Problem details: Within the records that follow, determine how many lines include the word "ezdxf". State the number and nothing further.

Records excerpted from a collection
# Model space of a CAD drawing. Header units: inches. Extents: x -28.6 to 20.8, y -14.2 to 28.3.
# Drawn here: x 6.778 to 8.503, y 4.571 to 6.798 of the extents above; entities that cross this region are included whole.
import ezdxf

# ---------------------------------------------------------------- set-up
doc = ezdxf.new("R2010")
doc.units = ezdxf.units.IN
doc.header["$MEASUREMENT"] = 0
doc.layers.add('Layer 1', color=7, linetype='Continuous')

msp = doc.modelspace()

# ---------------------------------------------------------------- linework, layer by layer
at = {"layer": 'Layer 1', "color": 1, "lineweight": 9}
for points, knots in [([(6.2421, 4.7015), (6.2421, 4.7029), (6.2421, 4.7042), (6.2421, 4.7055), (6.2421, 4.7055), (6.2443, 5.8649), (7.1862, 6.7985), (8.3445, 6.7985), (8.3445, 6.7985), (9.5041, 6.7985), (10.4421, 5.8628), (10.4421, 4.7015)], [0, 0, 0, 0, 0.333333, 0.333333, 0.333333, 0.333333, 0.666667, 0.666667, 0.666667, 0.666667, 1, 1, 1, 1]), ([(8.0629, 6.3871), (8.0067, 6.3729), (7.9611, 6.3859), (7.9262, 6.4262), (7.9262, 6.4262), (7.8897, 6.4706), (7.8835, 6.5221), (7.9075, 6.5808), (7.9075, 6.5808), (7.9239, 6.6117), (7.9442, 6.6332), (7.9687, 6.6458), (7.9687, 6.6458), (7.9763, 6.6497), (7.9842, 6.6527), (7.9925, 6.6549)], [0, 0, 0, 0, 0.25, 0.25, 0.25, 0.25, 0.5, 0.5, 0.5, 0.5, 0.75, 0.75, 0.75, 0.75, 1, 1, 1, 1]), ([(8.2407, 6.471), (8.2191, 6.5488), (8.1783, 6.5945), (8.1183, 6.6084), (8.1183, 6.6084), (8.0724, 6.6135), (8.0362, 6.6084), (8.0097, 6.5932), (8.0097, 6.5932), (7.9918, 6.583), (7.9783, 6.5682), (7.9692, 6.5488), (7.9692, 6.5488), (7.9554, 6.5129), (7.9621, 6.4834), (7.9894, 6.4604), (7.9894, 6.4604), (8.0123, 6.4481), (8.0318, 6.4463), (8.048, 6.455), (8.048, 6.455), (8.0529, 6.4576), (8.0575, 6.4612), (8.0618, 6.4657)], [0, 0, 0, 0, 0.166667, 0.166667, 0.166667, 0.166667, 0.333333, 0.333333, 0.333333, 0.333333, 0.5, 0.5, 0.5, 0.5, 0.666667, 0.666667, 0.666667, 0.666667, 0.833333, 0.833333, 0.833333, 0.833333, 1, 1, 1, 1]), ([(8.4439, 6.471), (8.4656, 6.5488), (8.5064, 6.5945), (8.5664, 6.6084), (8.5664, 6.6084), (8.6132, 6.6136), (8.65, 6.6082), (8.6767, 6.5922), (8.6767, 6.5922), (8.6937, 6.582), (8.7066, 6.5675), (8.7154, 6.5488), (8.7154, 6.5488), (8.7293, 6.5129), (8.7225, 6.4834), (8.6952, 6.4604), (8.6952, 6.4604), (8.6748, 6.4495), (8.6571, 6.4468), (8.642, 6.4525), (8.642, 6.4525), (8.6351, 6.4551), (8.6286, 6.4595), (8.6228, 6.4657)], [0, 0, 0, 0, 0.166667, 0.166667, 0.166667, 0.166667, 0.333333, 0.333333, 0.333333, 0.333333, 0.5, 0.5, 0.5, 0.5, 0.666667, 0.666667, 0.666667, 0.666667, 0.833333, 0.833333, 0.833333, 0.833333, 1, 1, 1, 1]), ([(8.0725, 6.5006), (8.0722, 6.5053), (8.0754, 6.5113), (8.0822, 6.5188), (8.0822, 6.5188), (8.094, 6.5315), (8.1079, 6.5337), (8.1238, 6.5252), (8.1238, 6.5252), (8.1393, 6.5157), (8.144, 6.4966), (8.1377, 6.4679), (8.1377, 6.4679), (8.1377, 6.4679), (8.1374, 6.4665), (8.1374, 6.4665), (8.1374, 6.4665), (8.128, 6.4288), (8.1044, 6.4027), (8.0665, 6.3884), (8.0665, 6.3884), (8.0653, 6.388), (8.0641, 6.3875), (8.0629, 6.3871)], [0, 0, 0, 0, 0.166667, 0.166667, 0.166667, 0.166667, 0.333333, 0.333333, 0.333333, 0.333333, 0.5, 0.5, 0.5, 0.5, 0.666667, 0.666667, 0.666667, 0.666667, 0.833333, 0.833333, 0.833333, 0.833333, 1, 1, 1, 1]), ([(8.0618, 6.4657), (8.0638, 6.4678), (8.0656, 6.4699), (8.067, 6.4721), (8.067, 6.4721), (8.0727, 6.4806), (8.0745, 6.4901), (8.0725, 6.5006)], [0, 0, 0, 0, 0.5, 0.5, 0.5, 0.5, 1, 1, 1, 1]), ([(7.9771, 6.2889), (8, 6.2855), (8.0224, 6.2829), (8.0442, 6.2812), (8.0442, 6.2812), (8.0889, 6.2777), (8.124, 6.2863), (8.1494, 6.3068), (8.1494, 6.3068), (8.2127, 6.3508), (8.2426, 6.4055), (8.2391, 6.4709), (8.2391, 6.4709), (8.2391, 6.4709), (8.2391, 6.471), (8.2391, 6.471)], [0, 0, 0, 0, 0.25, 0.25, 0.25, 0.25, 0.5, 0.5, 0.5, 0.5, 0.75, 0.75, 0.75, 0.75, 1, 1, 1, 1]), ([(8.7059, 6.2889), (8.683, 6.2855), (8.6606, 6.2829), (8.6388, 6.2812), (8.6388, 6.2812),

Problem solution: 3